Sunrise and I wake up to watch 
the world through color: black
birds, blue exhaustion, red January. 
I walk downstairs to hear frost
sliding off the roof and beside
the kitchen wall lies a shovel
waiting to drag its mouth against 
the thawing snow. When my
hands touch the ground, they 
dehydrate into wrinkles, white 
burns cracking open my skin. 
My thumbs share Ma’s plain 
whorl, the one she uses to press 
her forehead when she runs
out of bok choy—empty cutting
board filled by a knife. In this 
house, Sundays are for groceries, 
for carrying 40 counts of water
bottles and caring to scour 
through bottles of vegetable oil 
at 99 Ranch for the best expiration 
date.

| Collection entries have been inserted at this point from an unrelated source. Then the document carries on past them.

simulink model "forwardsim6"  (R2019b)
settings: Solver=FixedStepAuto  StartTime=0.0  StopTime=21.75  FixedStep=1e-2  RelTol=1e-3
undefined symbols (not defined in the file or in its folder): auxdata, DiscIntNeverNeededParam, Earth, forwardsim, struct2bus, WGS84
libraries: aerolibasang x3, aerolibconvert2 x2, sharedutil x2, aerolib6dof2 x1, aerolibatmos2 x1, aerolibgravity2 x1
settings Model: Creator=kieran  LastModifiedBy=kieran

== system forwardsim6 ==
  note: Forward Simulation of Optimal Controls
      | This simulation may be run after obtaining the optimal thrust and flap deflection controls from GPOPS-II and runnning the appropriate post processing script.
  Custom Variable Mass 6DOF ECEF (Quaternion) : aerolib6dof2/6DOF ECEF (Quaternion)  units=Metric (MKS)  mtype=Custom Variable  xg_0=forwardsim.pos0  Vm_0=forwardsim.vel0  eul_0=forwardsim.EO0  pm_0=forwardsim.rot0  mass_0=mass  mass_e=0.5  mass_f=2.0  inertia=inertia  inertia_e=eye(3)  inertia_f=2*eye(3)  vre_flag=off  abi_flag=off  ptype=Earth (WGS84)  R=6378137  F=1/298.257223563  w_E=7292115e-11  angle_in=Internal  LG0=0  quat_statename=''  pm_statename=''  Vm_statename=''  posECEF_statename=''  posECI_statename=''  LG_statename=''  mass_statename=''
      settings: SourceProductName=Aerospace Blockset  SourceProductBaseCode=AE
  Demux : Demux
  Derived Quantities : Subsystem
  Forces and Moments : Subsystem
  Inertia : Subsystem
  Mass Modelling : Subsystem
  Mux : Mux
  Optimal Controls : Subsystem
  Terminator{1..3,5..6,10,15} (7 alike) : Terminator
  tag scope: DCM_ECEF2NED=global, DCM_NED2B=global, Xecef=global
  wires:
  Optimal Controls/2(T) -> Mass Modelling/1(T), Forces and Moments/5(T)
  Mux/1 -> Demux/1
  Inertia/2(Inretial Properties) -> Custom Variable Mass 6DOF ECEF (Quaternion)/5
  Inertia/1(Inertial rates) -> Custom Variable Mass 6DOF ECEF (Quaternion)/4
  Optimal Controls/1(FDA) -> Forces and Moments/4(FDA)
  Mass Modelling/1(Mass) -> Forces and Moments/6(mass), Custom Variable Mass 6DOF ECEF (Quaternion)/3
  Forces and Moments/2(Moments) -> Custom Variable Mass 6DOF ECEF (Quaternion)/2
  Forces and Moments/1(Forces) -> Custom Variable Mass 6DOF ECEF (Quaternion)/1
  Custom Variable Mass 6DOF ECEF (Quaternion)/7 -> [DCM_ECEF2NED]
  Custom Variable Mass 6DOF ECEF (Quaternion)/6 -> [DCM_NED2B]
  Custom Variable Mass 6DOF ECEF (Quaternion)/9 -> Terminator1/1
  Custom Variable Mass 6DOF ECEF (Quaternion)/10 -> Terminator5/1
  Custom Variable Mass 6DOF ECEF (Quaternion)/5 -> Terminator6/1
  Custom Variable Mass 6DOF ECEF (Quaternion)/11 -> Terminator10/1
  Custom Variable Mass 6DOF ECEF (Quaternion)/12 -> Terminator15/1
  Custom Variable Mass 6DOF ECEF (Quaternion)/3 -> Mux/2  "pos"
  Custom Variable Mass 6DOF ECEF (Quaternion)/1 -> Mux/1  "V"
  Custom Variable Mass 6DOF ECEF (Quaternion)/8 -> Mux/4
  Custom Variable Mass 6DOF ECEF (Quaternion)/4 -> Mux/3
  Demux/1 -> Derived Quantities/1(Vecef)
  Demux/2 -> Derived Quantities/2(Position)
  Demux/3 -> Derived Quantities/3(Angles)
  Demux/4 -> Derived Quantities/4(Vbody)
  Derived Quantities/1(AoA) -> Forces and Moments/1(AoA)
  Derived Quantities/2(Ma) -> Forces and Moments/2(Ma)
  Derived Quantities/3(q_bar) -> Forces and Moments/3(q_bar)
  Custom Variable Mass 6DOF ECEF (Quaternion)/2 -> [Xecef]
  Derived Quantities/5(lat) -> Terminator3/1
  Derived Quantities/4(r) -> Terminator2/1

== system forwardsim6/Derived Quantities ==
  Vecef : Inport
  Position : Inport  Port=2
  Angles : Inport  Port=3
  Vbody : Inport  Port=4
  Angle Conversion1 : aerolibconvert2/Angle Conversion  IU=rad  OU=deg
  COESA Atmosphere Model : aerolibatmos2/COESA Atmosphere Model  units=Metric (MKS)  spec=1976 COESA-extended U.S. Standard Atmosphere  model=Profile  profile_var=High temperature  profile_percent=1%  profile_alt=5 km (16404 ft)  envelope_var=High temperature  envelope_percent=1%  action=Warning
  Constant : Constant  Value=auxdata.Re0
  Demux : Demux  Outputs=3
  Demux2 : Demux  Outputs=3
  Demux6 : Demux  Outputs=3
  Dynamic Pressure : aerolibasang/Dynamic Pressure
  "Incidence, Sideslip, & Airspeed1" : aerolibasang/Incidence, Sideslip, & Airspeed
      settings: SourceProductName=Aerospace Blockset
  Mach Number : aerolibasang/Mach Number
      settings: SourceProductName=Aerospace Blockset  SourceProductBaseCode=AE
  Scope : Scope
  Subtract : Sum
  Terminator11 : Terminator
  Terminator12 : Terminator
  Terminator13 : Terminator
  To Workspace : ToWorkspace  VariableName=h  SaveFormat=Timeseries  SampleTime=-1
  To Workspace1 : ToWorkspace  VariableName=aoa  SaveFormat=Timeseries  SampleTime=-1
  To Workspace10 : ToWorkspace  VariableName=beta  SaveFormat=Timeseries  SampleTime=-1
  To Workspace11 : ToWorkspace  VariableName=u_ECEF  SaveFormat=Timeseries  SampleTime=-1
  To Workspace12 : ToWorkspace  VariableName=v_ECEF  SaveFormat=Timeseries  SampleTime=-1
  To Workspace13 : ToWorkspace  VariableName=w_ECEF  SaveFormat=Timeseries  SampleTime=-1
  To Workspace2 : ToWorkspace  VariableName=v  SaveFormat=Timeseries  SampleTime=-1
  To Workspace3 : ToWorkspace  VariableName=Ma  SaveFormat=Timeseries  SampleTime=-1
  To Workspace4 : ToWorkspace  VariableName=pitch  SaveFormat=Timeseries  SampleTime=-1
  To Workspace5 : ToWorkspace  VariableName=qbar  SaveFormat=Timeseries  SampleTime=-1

When Ma comes home with 
three bags of rice flour, I refill the 
jars of brown sugar, hoping for 
a blizzard—spending winters 
to the quiet stir of batter until 
our wooden spoon breaks. You never 
follow the recipe book, I say, 
when Ma doubles the recommended 
serving size and reduces the cups 
of sugar by half. I am too tired 
for dinner. Every year, I hunger
for something new: strawberry 
bingsu, building igloos, burying
a family time capsule in our 
backyard that couldn’t grow 
vegetables. Yet Ma calls for warmth 
instead and tells me to eat: Before
the food gets cold, she says, pacing 
across the room in worry. Upstairs,
I respond with silence, baking myself 
into ambition. As my palms redden,
fatigued from learning, Ma watches
the plate of nian gao harden into 
memory, holding frost between her fingers.

In celebration of Women’s History Month in March, and the impact of strong female role models, we partnered with Ayesha Curry’s Sweet July for a writing contest to elevate the voices of girls and gender expansive young adults.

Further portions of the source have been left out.